From 1964 to 1988, black students in the South who attended majority white schools rose from 2.3% to 43.5%, indicating a massive scale of integration in the region after the initial pushback from the Brown decision (Fighting School Resegregation). In 1968, 78% of black students attended virtually all minority schools in the South. In 1988, right before the boom in resegregation during the 1990’s, this number dropped drastically to 24%. By 2001, after the 1990’s, the number had risen back up to 41%. In the Northeast during the same period, black students who attended virtually all minority schools rose from 42% in 1968 to to 48% in 1988 and then to 52% in 2001 (Civil Rights Project). This suggests that, while integration efforts between the 1960’s and the 1990’s were successful in the South, the Northeast was gradually becoming more segregated. Until the 1990’s, the South was home to the greatest declines in segregation since the Brown ruling.  Despite this, the South experienced the largest increase in segregation for black students over the course of the 1990’s (American Educational Research Association). Over the course of the decade, the South had experienced an increase in black students attending virtually all minority schools of 17%, while the Northeast experienced a rise of only 3% (Civil Rights Project). The 1990’s were not only a period of resegregation in the South, but this trend occurred nationally as well. During this critical decade, the percentage of blacks who were attending majority white schools went down 13%, reaching its lowest point since 1968. In 2000, 17% of black students attended majority white schools. At the the same time, whites had become the most segregated racial group, attending, on average, a public school that was 80% white. By this time, the average black student was attending a school that was 33% white (Fighting School Resegregation). Black students found themselves increasingly in schools with higher minority populations and lower white populations, while white students were being segregated at alarming rates into all virtually all white schools throughout the course of the 1990s. By the end of the decade, white, latino, and black students found themselves segregated from their peers of other races at alarming rates.

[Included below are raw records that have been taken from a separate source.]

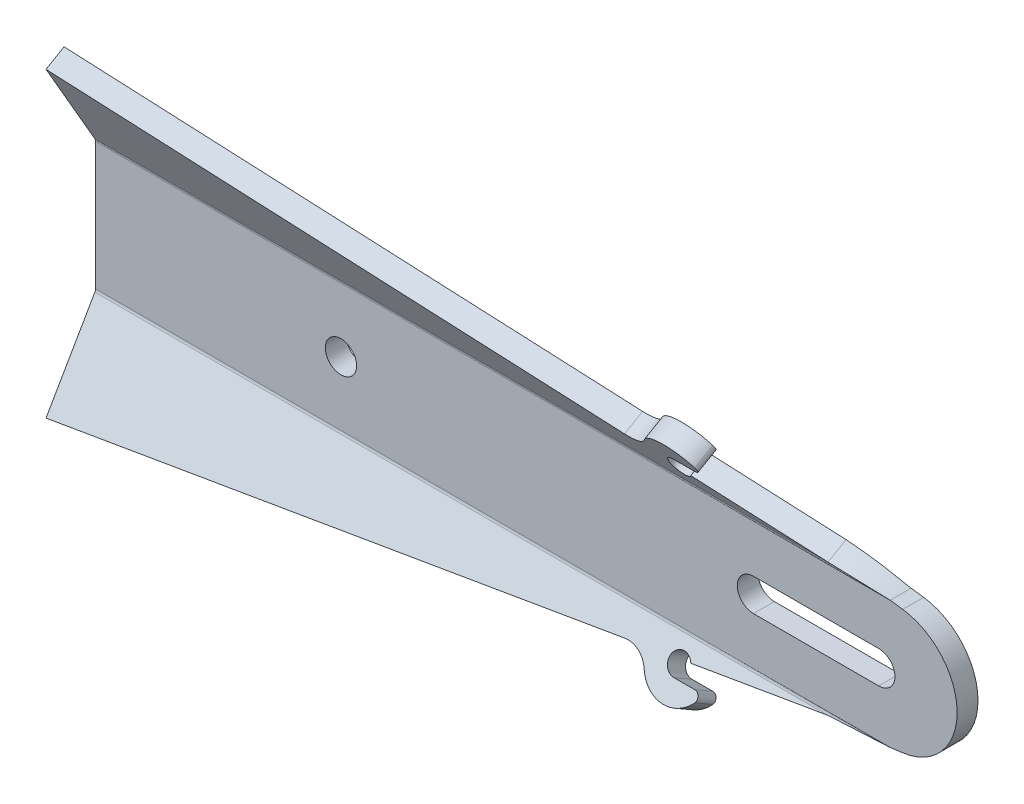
ISO-10303-21;
HEADER;
FILE_DESCRIPTION(('STEP AP214'),'2;1');
FILE_NAME('part.step','',(''),(''),'','','');
FILE_SCHEMA(('AUTOMOTIVE_DESIGN { 1 0 10303 214 1 1 1 1 }'));
ENDSEC;
DATA;
#1=APPLICATION_CONTEXT('core data for automotive mechanical design processes');
#2=APPLICATION_PROTOCOL_DEFINITION('international standard','automotive_design',2000,#1);
#3=PRODUCT_CONTEXT('',#1,'mechanical');
#4=PRODUCT('Part','Part','',(#3));
#5=PRODUCT_RELATED_PRODUCT_CATEGORY('part','',(#4));
#6=PRODUCT_DEFINITION_FORMATION('','',#4);
#7=PRODUCT_DEFINITION_CONTEXT('part definition',#1,'design');
#8=PRODUCT_DEFINITION('design','',#6,#7);
#9=PRODUCT_DEFINITION_SHAPE('','',#8);
#10=(LENGTH_UNIT() NAMED_UNIT(*) SI_UNIT(.MILLI.,.METRE.));
#11=(NAMED_UNIT(*) PLANE_ANGLE_UNIT() SI_UNIT($,.RADIAN.));
#12=(NAMED_UNIT(*) SI_UNIT($,.STERADIAN.) SOLID_ANGLE_UNIT());
#13=UNCERTAINTY_MEASURE_WITH_UNIT(LENGTH_MEASURE(1.E-05),#10,'distance_accuracy_value','');
#14=(GEOMETRIC_REPRESENTATION_CONTEXT(3) GLOBAL_UNCERTAINTY_ASSIGNED_CONTEXT((#13)) GLOBAL_UNIT_ASSIGNED_CONTEXT((#10,
#11,#12)) REPRESENTATION_CONTEXT('',''));
#15=CARTESIAN_POINT('',(0.,0.,0.));
#16=DIRECTION('',(0.,0.,1.));
#17=DIRECTION('',(1.,0.,0.));
#18=AXIS2_PLACEMENT_3D('',#15,#16,#17);
#19=CARTESIAN_POINT('',(-45.4619174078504,-21.222958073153,9.04627635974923));
#20=DIRECTION('',(0.,-0.500000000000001,-0.866025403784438));
#21=DIRECTION('',(-1.,0.,0.));
#22=AXIS2_PLACEMENT_3D('',#19,#20,#21);
#23=CYLINDRICAL_SURFACE('',#22,5.);
#24=CARTESIAN_POINT('',(-45.4619174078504,-23.222958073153,5.58217474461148));
#25=DIRECTION('',(0.,-0.500000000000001,-0.866025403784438));
#26=DIRECTION('',(-1.,0.,0.));
#27=AXIS2_PLACEMENT_3D('',#24,#25,#26);
#28=CIRCLE('',#27,5.);
#29=CARTESIAN_POINT('',(-46.1225408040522,-18.9307928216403,3.10409198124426));
#30=VERTEX_POINT('',#29);
#31=CARTESIAN_POINT('',(-41.1610458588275,-21.0145926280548,4.30717436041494));
#32=VERTEX_POINT('',#31);
#33=EDGE_CURVE('E100',#30,#32,#28,.T.);
#34=ORIENTED_EDGE('',*,*,#33,.T.);
#35=DIRECTION('',(0.,-0.500000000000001,-0.866025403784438));
#36=VECTOR('',#35,1.);
#37=CARTESIAN_POINT('',(-41.1610458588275,-19.0145926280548,7.77127597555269));
#38=LINE('',#37,#36);
#39=CARTESIAN_POINT('',(-41.1610458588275,-19.0145926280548,7.77127597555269));
#40=VERTEX_POINT('',#39);
#41=EDGE_CURVE('E401',#40,#32,#38,.T.);
#42=ORIENTED_EDGE('',*,*,#41,.F.);
#43=CARTESIAN_POINT('',(-45.4619174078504,-21.222958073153,9.04627635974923));
#44=DIRECTION('',(0.,-0.500000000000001,-0.866025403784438));
#45=DIRECTION('',(-1.,0.,0.));
#46=AXIS2_PLACEMENT_3D('',#43,#44,#45);
#47=CIRCLE('',#46,5.);
#48=CARTESIAN_POINT('',(-46.1225408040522,-16.9307928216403,6.56819359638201));
#49=VERTEX_POINT('',#48);
#50=EDGE_CURVE('E368',#49,#40,#47,.T.);
#51=ORIENTED_EDGE('',*,*,#50,.F.);
#52=DIRECTION('',(0.,-0.500000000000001,-0.866025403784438));
#53=VECTOR('',#52,1.);
#54=CARTESIAN_POINT('',(-46.1225408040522,-16.9307928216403,6.56819359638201));
#55=LINE('',#54,#53);
#56=EDGE_CURVE('E405',#49,#30,#55,.T.);
#57=ORIENTED_EDGE('',*,*,#56,.T.);
#58=EDGE_LOOP('',(#34,#42,#51,#57));
#59=FACE_BOUND('',#58,.T.);
#60=ADVANCED_FACE('F32',(#59),#23,.F.);
#61=CARTESIAN_POINT('',(-36.,-16.3645540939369,6.24127551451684));
#62=DIRECTION('',(0.,-0.500000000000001,-0.866025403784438));
#63=DIRECTION('',(-1.,0.,0.));
#64=AXIS2_PLACEMENT_3D('',#61,#62,#63);
#65=CYLINDRICAL_SURFACE('',#64,5.99999999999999);
#66=CARTESIAN_POINT('',(-36.,-18.3645540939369,2.77717389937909));
#67=DIRECTION('',(0.,0.500000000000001,0.866025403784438));
#68=DIRECTION('',(1.,0.,0.));
#69=AXIS2_PLACEMENT_3D('',#66,#67,#68);
#70=CIRCLE('',#69,5.99999999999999);
#71=CARTESIAN_POINT('',(-31.2,-21.4822455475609,4.5771738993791));
#72=VERTEX_POINT('',#71);
#73=EDGE_CURVE('E403',#32,#72,#70,.T.);
#74=ORIENTED_EDGE('',*,*,#73,.T.);
#75=DIRECTION('',(0.,-0.500000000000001,-0.866025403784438));
#76=VECTOR('',#75,1.);
#77=CARTESIAN_POINT('',(-31.2,-19.4822455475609,8.04127551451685));
#78=LINE('',#77,#76);
#79=CARTESIAN_POINT('',(-31.2,-19.4822455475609,8.04127551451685));
#80=VERTEX_POINT('',#79);
#81=EDGE_CURVE('E396',#80,#72,#78,.T.);
#82=ORIENTED_EDGE('',*,*,#81,.F.);
#83=CARTESIAN_POINT('',(-36.,-16.3645540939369,6.24127551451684));
#84=DIRECTION('',(0.,0.500000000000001,0.866025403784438));
#85=DIRECTION('',(1.,0.,0.));
#86=AXIS2_PLACEMENT_3D('',#83,#84,#85);
#87=CIRCLE('',#86,5.99999999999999);
#88=EDGE_CURVE('E366',#40,#80,#87,.T.);
#89=ORIENTED_EDGE('',*,*,#88,.F.);
#90=ORIENTED_EDGE('',*,*,#41,.T.);
#91=EDGE_LOOP('',(#74,#82,#89,#90));
#92=FACE_BOUND('',#91,.T.);
#93=ADVANCED_FACE('F455',(#92),#65,.T.);
#94=CARTESIAN_POINT('',(-32.,-18.9626303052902,7.74127551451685));
#95=DIRECTION('',(0.,-0.500000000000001,-0.866025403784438));
#96=DIRECTION('',(-1.,0.,0.));
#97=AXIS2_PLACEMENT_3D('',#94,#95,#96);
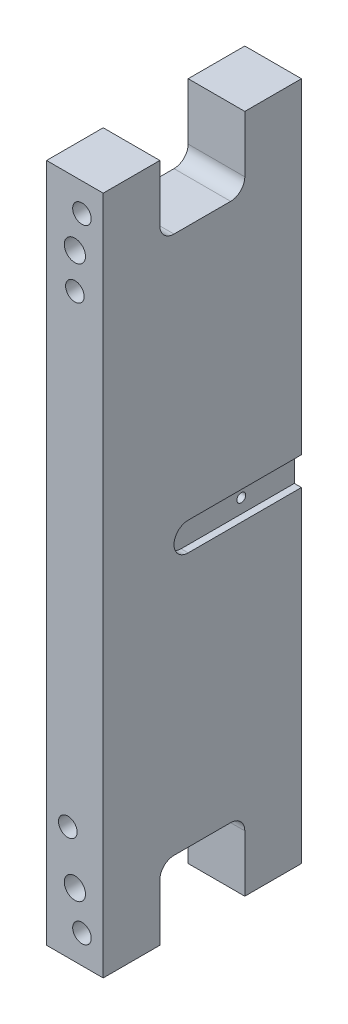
ISO-10303-21;
HEADER;
FILE_DESCRIPTION(('STEP AP214'),'2;1');
FILE_NAME('part.step','',(''),(''),'','','');
FILE_SCHEMA(('AUTOMOTIVE_DESIGN { 1 0 10303 214 1 1 1 1 }'));
ENDSEC;
DATA;
#1=APPLICATION_CONTEXT('core data for automotive mechanical design processes');
#2=APPLICATION_PROTOCOL_DEFINITION('international standard','automotive_design',2000,#1);
#3=PRODUCT_CONTEXT('',#1,'mechanical');
#4=PRODUCT('Part','Part','',(#3));
#5=PRODUCT_RELATED_PRODUCT_CATEGORY('part','',(#4));
#6=PRODUCT_DEFINITION_FORMATION('','',#4);
#7=PRODUCT_DEFINITION_CONTEXT('part definition',#1,'design');
#8=PRODUCT_DEFINITION('design','',#6,#7);
#9=PRODUCT_DEFINITION_SHAPE('','',#8);
#10=(LENGTH_UNIT() NAMED_UNIT(*) SI_UNIT(.MILLI.,.METRE.));
#11=(NAMED_UNIT(*) PLANE_ANGLE_UNIT() SI_UNIT($,.RADIAN.));
#12=(NAMED_UNIT(*) SI_UNIT($,.STERADIAN.) SOLID_ANGLE_UNIT());
#13=UNCERTAINTY_MEASURE_WITH_UNIT(LENGTH_MEASURE(1.E-05),#10,'distance_accuracy_value','');
#14=(GEOMETRIC_REPRESENTATION_CONTEXT(3) GLOBAL_UNCERTAINTY_ASSIGNED_CONTEXT((#13)) GLOBAL_UNIT_ASSIGNED_CONTEXT((#10,
#11,#12)) REPRESENTATION_CONTEXT('',''));
#15=CARTESIAN_POINT('',(0.,0.,0.));
#16=DIRECTION('',(0.,0.,1.));
#17=DIRECTION('',(1.,0.,0.));
#18=AXIS2_PLACEMENT_3D('',#15,#16,#17);
#19=CARTESIAN_POINT('',(160.643705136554,-304.8,0.));
#20=DIRECTION('',(0.,1.,0.));
#21=DIRECTION('',(-1.,0.,0.));
#22=AXIS2_PLACEMENT_3D('',#19,#20,#21);
#23=PLANE('',#22);
#24=DIRECTION('',(-1.,0.,0.));
#25=VECTOR('',#24,1.);
#26=CARTESIAN_POINT('',(160.643705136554,-304.8,0.));
#27=LINE('',#26,#25);
#28=CARTESIAN_POINT('',(0.,-304.8,0.));
#29=VERTEX_POINT('',#28);
#30=CARTESIAN_POINT('',(-50.8,-304.8,0.));
#31=VERTEX_POINT('',#30);
#32=EDGE_CURVE('E293',#29,#31,#27,.T.);
#33=ORIENTED_EDGE('',*,*,#32,.F.);
#34=DIRECTION('',(0.,0.,1.));
#35=VECTOR('',#34,1.);
#36=CARTESIAN_POINT('',(0.,-304.8,0.));
#37=LINE('',#36,#35);
#38=CARTESIAN_POINT('',(0.,-304.8,50.8));
#39=VERTEX_POINT('',#38);
#40=EDGE_CURVE('E280',#29,#39,#37,.T.);
#41=ORIENTED_EDGE('',*,*,#40,.T.);
#42=DIRECTION('',(-1.,0.,0.));
#43=VECTOR('',#42,1.);
#44=CARTESIAN_POINT('',(160.643705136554,-304.8,50.8));
#45=LINE('',#44,#43);
#46=CARTESIAN_POINT('',(-50.8,-304.8,50.8));
#47=VERTEX_POINT('',#46);
#48=EDGE_CURVE('E296',#39,#47,#45,.T.);
#49=ORIENTED_EDGE('',*,*,#48,.T.);
#50=DIRECTION('',(0.,0.,1.));
#51=VECTOR('',#50,1.);
#52=CARTESIAN_POINT('',(-50.8,-304.8,0.));
#53=LINE('',#52,#51);
#54=EDGE_CURVE('E404',#31,#47,#53,.T.);
#55=ORIENTED_EDGE('',*,*,#54,.F.);
#56=EDGE_LOOP('',(#33,#41,#49,#55));
#57=FACE_BOUND('',#56,.T.);
#58=ADVANCED_FACE('F56',(#57),#23,.F.);
#59=CARTESIAN_POINT('',(160.643705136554,-152.4,50.8));
#60=DIRECTION('',(0.,0.,-1.));
#61=DIRECTION('',(0.,1.,0.));
#62=AXIS2_PLACEMENT_3D('',#59,#60,#61);
#63=PLANE('',#62);
#64=DIRECTION('',(0.,1.,0.));
#65=VECTOR('',#64,1.);
#66=CARTESIAN_POINT('',(0.,-152.4,50.8));
#67=LINE('',#66,#65);
#68=CARTESIAN_POINT('',(0.,-254.,50.8));
#69=VERTEX_POINT('',#68);
#70=EDGE_CURVE('E283',#39,#69,#67,.T.);
#71=ORIENTED_EDGE('',*,*,#70,.T.);
#72=DIRECTION('',(-1.,0.,0.));
#73=VECTOR('',#72,1.);
#74=CARTESIAN_POINT('',(-50.8,-254.,50.8));
#75=LINE('',#74,#73);
#76=CARTESIAN_POINT('',(-50.8,-254.,50.8));
#77=VERTEX_POINT('',#76);
#78=EDGE_CURVE('E288',#69,#77,#75,.T.);
#79=ORIENTED_EDGE('',*,*,#78,.T.);
#80=DIRECTION('',(0.,1.,0.));
#81=VECTOR('',#80,1.);
#82=CARTESIAN_POINT('',(-50.8,-152.4,50.8));
#83=LINE('',#82,#81);
#84=EDGE_CURVE('E400',#47,#77,#83,.T.);
#85=ORIENTED_EDGE('',*,*,#84,.F.);
#86=ORIENTED_EDGE('',*,*,#48,.F.);
#87=EDGE_LOOP('',(#71,#79,#85,#86));
#88=FACE_BOUND('',#87,.T.);
#89=ADVANCED_FACE('F420',(#88),#63,.F.);
#90=CARTESIAN_POINT('',(160.643705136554,-152.4,0.));
#91=DIRECTION('',(0.,0.,1.));
#92=DIRECTION('',(0.,-1.,0.));
#93=AXIS2_PLACEMENT_3D('',#90,#91,#92);
#94=PLANE('',#93);
#95=DIRECTION('',(0.,1.,0.));
#96=VECTOR('',#95,1.);
#97=CARTESIAN_POINT('',(-6.34999999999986,-152.4,0.));
#98=LINE('',#97,#96);
#99=CARTESIAN_POINT('',(-6.35000000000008,-12.7,0.));
#100=VERTEX_POINT('',#99);
#101=CARTESIAN_POINT('',(-6.35000000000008,12.7,0.));
#102=VERTEX_POINT('',#101);
#103=EDGE_CURVE('E12',#100,#102,#98,.T.);
#104=ORIENTED_EDGE('',*,*,#103,.F.);
#105=DIRECTION('',(1.,0.,0.));
#106=VECTOR('',#105,1.);
#107=CARTESIAN_POINT('',(-6.35000000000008,-12.7,0.));
#108=LINE('',#107,#106);
#109=CARTESIAN_POINT('',(0.,-12.7,0.));
#110=VERTEX_POINT('',#109);
#111=EDGE_CURVE('E243',#100,#110,#108,.T.);
#112=ORIENTED_EDGE('',*,*,#111,.T.);
#113=DIRECTION('',(0.,-1.,0.));
#114=VECTOR('',#113,1.);
#115=CARTESIAN_POINT('',(0.,-152.4,0.));
#116=LINE('',#115,#114);
#117=EDGE_CURVE('E278',#110,#29,#116,.T.);
#118=ORIENTED_EDGE('',*,*,#117,.T.);
#119=ORIENTED_EDGE('',*,*,#32,.T.);
#120=DIRECTION('',(0.,-1.,0.));
#121=VECTOR('',#120,1.);
#122=CARTESIAN_POINT('',(-50.8,-152.4,0.));
#123=LINE('',#122,#121);
#124=CARTESIAN_POINT('',(-50.8,304.8,0.));
#125=VERTEX_POINT('',#124);
#126=EDGE_CURVE('E297',#125,#31,#123,.T.);
#127=ORIENTED_EDGE('',*,*,#126,.F.);
#128=DIRECTION('',(-1.,0.,0.));
#129=VECTOR('',#128,1.);
#130=CARTESIAN_POINT('',(160.643705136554,304.8,0.));
#131=LINE('',#130,#129);
#132=CARTESIAN_POINT('',(0.,304.8,0.));
#133=VERTEX_POINT('',#132);
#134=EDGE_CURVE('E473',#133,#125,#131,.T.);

The cause of this shocking rise in segregation of schools, and particularly of white students, has been widely debated. One theory that attempts to explain the high levels of segregation in public schools today blames socioeconomic barriers that prevent low-income minority families from purchasing homes in high-income districts, therefore creating a metaphorical wall that prevents them from integrating into other neighborhoods with different racial makeups. On average, black and latino families make less money per year than white families (Income and Poverty in the United States: 2014). This fact is used to back up the claim that black and latino families face a socio economic barrier that prevents them from being able to move into whatever neighborhood they want.  Because high income neighborhoods have schools that, on average, perform better than low income schools, this lack of choice in housing prevents minority students from integrating with the wealthier and white students in nearby neighborhoods (Money, Race and Success).  While this barrier most definitely exists, it cannot be used to explain in full why blacks and whites live in different neighborhoods. If the lack of affordability in housing for black and latino families was the main cause for segregated housing, then it could be expected that levels of segregation within a particular income bracket would be lower than in the overall population. Instead, poor whites and poor blacks often do not live in the same neighborhoods. The same can be said for middle-income and, especially, upper-income blacks and whites (Racial Housing Segregation and Concentration in the Central Cities). Therefore, segregation in housing and education must largely be produced by choices made by people when choosing which neighborhoods to live in and what schools to attend.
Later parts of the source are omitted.